Il est des noms qui résonnent en nous comme ceux des champs de bataille désormais oubliés. Exotiques, évocateurs et vaguement sinistres, ils nous rappellent des épisodes dont nous ne savons presque plus rien, si ce n’est que quelque chose de sanglant et d’important, peut-être même de décisif pour le sort de l’humanité, s’y est déroulé. J’appelle cela la géographie de la mémoire. Chacun de nous a ses propres noms. Ils se logent dans les méandres les plus secrets de l’esprit, disparaissent pour se rallumer à chaque fois que quelqu’un les évoque. Il ne peut les oublier car ces noms racontent son histoire personnelle, ses obsessions, son emplacement dans l’espace et le temps. Parfois – sans savoir comment – il lui arrive de se trouver exactement en ce lieu, et de découvrir que ce n’était pas seulement un nom, mais un fait. Parmi mes noms il y a Canne, Mohács,
Beresina, Piazza Fontana, Ustica. Et Marcinelle.
Le charmant nom d’une petite ville Belge qui m’est inconnue s’est ajouté au chapelet – parmi ceux qui rappellent les affrontements militaires de l’histoire, les guerres de religion marquant une époque, les révoltes épiques des peuples envahis, les ignobles massacres italiens sans coupable, les mystères sans explication. Au début, donc, Marcinelle était simplement un nom. Et rien d’autre. Parce que, lorsque Marcinelle devint pour des millions d’Italiens synonyme de la tragédie de la mine, je n’étais pas encore là. Et Marina Cavazza n’était pas là non plus. Nous appartenons à une génération posthume à de nombreux événements décisifs du vingtième siècle. La guerre, l’émigration massive, la contestation. Il nous revient la tâche, subordonnée sans doute mais pas moins importante pour autant, de relier deux siècles, et de transmettre au vingt-et-unième la mémoire – vivante – du précédent.
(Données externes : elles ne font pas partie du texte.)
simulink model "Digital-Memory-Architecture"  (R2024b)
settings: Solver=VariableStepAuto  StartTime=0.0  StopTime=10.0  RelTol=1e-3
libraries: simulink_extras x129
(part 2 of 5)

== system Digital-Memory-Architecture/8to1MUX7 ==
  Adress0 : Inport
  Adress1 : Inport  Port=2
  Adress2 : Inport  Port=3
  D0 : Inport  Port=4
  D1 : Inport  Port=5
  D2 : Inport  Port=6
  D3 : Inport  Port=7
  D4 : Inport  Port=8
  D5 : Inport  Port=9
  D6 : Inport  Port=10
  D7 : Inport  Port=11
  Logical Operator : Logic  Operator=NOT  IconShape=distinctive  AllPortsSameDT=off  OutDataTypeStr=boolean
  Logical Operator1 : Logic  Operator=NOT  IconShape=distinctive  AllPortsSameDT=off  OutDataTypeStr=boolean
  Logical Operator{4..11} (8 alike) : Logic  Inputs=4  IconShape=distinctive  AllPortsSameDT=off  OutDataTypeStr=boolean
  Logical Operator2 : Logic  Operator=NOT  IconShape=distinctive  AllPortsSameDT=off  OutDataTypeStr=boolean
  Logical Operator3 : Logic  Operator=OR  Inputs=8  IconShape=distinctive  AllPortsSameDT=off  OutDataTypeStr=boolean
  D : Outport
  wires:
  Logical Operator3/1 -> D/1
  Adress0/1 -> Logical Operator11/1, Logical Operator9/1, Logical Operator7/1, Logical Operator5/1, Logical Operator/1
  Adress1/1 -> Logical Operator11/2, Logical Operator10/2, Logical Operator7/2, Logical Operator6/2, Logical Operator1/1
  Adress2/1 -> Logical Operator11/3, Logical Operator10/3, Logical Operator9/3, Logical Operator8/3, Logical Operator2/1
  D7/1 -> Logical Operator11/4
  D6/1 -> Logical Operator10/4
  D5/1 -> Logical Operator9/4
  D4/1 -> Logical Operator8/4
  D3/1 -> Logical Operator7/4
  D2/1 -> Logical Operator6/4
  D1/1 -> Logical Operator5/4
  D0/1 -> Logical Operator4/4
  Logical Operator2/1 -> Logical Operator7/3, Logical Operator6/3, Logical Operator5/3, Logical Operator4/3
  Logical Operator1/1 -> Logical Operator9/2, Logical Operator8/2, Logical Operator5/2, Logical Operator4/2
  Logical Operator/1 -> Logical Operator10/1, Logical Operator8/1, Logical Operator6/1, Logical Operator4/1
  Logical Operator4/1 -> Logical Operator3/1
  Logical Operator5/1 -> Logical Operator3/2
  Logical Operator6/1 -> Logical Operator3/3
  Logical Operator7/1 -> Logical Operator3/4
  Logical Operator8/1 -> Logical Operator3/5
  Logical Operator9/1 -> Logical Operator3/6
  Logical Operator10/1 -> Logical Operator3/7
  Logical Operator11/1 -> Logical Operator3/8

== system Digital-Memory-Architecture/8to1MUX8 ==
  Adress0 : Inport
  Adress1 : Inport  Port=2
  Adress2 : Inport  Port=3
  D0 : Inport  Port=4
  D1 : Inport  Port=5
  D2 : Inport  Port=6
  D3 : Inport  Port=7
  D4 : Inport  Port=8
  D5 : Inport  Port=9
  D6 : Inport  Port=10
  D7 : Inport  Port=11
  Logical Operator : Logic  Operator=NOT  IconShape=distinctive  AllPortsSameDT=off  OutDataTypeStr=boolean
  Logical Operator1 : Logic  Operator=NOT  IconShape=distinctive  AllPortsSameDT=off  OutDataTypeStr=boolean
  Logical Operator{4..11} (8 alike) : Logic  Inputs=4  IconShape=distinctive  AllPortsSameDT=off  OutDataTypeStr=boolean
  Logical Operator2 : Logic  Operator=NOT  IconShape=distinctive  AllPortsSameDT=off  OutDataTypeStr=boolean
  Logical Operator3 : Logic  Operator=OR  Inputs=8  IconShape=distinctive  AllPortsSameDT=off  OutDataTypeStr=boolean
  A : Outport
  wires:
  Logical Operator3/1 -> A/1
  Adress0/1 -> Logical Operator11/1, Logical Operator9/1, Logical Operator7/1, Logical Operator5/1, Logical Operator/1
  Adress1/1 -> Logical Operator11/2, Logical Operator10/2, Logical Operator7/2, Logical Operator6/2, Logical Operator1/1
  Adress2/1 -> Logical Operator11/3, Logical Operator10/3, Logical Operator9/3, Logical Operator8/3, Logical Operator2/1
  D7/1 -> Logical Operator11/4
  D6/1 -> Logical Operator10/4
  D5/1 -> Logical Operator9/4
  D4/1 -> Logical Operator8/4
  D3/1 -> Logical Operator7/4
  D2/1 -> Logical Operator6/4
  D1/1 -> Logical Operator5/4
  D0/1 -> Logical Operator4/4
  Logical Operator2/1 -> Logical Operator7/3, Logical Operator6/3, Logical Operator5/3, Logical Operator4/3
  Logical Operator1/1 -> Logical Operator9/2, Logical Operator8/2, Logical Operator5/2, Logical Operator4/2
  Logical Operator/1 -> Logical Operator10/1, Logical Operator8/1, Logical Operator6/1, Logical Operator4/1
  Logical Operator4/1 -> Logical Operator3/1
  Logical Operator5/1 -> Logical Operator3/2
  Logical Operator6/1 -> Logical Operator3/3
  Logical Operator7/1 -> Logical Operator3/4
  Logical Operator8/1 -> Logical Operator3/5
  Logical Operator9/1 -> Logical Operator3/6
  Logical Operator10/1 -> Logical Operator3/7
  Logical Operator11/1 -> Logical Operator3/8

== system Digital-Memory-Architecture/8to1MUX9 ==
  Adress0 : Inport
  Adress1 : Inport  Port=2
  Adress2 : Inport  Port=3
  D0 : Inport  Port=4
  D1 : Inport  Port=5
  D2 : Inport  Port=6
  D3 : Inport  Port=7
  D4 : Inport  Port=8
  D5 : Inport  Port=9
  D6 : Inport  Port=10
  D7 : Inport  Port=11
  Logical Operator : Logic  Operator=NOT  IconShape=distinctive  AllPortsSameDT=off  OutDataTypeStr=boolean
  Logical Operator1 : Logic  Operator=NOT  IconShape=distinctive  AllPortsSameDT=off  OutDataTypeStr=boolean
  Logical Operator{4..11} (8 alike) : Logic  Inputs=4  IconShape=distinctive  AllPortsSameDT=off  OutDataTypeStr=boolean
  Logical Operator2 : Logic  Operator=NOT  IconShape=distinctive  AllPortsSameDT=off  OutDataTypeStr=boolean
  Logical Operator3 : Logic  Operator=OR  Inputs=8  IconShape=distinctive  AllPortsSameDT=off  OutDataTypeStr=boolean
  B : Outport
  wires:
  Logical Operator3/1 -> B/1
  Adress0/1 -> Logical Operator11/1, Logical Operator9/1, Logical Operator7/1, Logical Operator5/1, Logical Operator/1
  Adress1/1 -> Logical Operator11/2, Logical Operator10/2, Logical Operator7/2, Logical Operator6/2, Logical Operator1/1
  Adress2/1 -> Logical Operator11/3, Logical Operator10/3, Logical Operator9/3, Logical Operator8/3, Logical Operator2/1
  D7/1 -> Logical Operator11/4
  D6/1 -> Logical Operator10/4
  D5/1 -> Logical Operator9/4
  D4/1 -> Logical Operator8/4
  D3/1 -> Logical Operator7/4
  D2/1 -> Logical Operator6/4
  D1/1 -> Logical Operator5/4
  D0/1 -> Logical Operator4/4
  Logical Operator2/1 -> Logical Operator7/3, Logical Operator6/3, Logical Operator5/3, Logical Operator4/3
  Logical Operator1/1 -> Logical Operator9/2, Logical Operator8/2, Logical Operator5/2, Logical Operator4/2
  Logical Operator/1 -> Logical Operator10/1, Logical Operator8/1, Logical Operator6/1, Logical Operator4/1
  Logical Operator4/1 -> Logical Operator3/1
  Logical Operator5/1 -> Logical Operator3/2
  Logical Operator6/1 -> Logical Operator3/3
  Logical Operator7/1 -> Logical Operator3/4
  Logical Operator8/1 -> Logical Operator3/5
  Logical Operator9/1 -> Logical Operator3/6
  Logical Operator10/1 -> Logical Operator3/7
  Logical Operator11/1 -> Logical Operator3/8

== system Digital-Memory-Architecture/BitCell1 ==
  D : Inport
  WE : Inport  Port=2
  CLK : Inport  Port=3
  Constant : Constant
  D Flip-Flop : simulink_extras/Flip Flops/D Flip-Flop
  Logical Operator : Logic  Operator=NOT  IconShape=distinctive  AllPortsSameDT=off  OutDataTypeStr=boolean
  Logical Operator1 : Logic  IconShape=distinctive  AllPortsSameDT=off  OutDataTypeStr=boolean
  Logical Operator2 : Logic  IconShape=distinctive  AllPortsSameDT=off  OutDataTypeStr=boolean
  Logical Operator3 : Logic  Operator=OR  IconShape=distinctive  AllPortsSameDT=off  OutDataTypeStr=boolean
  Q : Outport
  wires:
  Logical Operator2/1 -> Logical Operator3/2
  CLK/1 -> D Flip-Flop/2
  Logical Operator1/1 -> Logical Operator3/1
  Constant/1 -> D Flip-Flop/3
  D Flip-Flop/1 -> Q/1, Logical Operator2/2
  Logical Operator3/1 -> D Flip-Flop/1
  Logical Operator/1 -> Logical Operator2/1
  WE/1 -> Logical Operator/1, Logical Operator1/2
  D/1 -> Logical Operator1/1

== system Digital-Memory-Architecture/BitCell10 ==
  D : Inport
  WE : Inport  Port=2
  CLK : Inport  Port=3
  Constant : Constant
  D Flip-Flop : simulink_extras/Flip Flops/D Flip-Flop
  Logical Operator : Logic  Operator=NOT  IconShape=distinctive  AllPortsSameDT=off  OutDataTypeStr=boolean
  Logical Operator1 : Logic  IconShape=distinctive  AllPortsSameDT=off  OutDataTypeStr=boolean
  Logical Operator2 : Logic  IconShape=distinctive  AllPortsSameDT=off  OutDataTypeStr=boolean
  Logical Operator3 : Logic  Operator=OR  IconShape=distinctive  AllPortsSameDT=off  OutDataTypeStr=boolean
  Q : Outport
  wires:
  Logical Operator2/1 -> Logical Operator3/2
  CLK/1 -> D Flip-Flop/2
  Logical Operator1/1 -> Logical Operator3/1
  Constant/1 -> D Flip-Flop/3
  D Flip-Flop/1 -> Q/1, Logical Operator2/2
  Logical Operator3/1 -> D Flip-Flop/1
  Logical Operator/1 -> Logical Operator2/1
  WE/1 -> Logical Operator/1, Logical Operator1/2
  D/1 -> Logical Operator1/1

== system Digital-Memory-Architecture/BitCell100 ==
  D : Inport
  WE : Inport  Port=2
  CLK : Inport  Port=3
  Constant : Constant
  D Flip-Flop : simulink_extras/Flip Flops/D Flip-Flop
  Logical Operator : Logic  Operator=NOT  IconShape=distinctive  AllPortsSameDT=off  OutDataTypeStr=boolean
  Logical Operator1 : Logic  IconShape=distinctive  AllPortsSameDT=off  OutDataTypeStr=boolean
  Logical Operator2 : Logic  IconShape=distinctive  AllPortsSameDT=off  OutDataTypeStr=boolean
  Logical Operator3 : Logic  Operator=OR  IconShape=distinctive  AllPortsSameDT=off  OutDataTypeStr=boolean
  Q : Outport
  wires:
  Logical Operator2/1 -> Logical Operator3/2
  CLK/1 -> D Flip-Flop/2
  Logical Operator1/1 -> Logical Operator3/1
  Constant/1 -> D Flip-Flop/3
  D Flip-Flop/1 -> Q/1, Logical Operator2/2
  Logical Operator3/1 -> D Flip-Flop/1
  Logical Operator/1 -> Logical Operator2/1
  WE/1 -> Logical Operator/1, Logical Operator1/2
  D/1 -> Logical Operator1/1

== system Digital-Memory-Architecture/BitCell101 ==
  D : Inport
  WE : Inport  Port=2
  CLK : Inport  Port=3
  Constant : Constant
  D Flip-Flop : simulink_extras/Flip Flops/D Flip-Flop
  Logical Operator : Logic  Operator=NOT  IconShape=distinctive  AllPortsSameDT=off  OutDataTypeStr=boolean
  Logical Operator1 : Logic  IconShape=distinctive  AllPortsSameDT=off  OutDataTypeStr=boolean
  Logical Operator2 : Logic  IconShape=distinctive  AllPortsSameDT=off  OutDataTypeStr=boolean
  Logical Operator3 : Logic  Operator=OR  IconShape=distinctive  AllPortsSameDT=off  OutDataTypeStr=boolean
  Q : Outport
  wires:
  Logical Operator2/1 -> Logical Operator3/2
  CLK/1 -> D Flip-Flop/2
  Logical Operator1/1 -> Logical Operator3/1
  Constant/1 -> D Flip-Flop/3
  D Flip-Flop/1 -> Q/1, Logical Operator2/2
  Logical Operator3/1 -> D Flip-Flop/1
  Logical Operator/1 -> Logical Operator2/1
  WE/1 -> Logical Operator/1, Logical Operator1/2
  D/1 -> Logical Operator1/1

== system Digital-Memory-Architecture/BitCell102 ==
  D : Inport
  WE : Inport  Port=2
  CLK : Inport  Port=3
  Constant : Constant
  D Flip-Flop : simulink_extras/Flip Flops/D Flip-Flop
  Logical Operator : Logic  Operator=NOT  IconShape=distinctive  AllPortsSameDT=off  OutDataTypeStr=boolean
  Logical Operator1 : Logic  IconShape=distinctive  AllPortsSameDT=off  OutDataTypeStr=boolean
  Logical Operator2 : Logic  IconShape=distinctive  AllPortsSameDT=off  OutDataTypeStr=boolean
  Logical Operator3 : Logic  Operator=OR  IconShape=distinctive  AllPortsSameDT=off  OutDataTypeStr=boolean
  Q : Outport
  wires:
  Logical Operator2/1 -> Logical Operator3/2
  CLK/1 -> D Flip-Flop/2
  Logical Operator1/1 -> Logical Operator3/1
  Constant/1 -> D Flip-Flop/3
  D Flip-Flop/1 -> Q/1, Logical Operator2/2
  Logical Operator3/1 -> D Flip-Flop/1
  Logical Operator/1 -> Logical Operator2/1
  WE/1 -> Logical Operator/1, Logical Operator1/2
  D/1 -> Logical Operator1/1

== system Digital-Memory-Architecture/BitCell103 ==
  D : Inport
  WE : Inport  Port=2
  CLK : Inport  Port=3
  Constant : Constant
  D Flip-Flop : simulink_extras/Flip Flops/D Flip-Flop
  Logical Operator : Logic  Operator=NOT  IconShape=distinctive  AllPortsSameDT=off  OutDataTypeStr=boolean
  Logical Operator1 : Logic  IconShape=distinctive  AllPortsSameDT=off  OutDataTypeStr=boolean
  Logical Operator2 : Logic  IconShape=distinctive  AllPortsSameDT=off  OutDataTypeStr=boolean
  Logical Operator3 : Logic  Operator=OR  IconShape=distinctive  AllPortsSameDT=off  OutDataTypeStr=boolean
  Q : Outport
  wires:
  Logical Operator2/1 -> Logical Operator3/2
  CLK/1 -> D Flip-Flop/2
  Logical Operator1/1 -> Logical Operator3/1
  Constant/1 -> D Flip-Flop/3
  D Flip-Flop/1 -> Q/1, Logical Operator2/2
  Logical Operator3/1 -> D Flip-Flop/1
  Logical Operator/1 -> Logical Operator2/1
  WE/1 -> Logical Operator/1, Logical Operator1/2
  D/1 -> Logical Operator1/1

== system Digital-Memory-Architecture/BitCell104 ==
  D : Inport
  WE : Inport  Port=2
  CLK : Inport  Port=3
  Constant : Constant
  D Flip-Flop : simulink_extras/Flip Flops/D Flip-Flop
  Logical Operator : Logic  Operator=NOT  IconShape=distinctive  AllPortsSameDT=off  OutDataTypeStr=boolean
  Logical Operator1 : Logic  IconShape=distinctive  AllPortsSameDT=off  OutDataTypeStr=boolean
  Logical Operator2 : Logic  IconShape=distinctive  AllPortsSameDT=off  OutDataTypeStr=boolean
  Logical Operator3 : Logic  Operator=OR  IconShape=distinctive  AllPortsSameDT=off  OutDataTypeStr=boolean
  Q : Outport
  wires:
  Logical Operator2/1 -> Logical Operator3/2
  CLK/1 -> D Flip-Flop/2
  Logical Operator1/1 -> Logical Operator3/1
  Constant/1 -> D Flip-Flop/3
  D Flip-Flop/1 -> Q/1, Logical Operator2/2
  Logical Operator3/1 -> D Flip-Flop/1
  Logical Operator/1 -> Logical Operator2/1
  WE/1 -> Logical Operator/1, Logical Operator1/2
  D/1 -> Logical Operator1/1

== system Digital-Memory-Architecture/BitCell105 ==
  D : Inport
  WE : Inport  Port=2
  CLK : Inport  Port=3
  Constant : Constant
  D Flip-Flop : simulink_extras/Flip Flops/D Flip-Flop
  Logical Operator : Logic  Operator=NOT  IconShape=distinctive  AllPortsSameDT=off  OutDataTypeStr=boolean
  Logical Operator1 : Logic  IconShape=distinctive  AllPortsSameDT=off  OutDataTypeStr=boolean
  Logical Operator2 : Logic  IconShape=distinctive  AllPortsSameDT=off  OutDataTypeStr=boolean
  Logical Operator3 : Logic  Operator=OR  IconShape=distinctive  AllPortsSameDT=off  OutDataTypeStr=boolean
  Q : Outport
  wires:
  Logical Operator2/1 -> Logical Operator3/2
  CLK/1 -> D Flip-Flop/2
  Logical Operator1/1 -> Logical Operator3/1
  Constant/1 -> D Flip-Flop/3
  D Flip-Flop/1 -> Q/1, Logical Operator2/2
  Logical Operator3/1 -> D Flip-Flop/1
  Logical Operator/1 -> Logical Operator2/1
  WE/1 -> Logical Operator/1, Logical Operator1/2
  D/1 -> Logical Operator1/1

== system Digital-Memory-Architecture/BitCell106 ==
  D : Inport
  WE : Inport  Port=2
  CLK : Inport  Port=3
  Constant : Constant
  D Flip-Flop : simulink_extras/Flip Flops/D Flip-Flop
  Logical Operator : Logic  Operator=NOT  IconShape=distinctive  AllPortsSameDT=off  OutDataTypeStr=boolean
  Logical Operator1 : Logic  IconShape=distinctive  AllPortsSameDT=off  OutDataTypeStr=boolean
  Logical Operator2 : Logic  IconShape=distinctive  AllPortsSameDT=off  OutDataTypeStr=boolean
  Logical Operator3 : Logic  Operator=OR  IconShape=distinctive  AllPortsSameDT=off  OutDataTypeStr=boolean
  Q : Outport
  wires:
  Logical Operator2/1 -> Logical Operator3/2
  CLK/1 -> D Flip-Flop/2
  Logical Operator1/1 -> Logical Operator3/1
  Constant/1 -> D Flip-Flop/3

Nous sommes nés après – quand même le dernier procès pour les événements de Marcinelle était terminé, quand les morts étaient déjà une coupure de journal jaunie, une lamentation publique et une inguérissable blessure privée, quand la mémoire de l’incident était déjà histoire – ou légende. Mais Marcinelle était déjà aussi un rite contraint, d’autant plus rhétorique que son souvenir se faisait plus pâle, qui finissait par confondre les existences individuelles en un monument collectif. Que peut donc faire une artiste qui ne veut pas vivre après mais maintenant, qui dans son présent veut retrouver les vies perdues des autres ? Elle peut essayer d’intercepter les échos des faits, les traces des personnes, la mémoire des corps, des visages, des noms, des sentiments, des paysages – le langage concret des choses. Photographier – mais aussi écrire, et, simplement, créer – est un défi à la mort, continu, modeste mais tenace. Face au néant qui avance, dans le trou noir qui, comme la mine du Bois du Cazier, finit par engloutir toute vie, il n’y a qu’une voie. Raconter – rappeler – cueillir les instants précieux
de chaque vie.
Quand il y a maintenant plusieurs mois Marina Cavazza
m’a parlé de son projet, j’ai pensé que la photographe et l’écrivain avaient choisi de poursuivre échos, reflets, vie, de façons apparemment différentes – mais peut-être, au fond, identiques. Elle, cherchant, écoutant et regardant. Moi, cherchant, écoutant et racontant. Quelques années en arrière, en effet, j’ai essayé de reconstruire la vie d’un groupe de personnes quelconques (parmi lesquelles il y avait mon grand-père), ayant vécu en marge de la grande Histoire, dont elles avaient pourtant été des acteurs et peut-être des victimes. D’arracher à l’anonymat et au silence leurs existences d’émigrés, employés de chemins de fer, mineurs, couturières, crieurs de journaux. J’ai choisi un groupe d’Italiens de Tufo di Minturno, en Terra di Lavoro, émigrés aux États-Unis au début du dix-neuvième siècle, et j’ai essayé de raconter – dans un roman que n’importe qui puisse lire aujourd’hui, au début du vingt-et-unième siècle – leurs histoires, qui nous représentaient tous dans un sens. Ce roman s’appelle « Vie » parce que c’est finalement exactement de cela qu’il
parle. De ce qui reste de la vie quand il ne reste
rien.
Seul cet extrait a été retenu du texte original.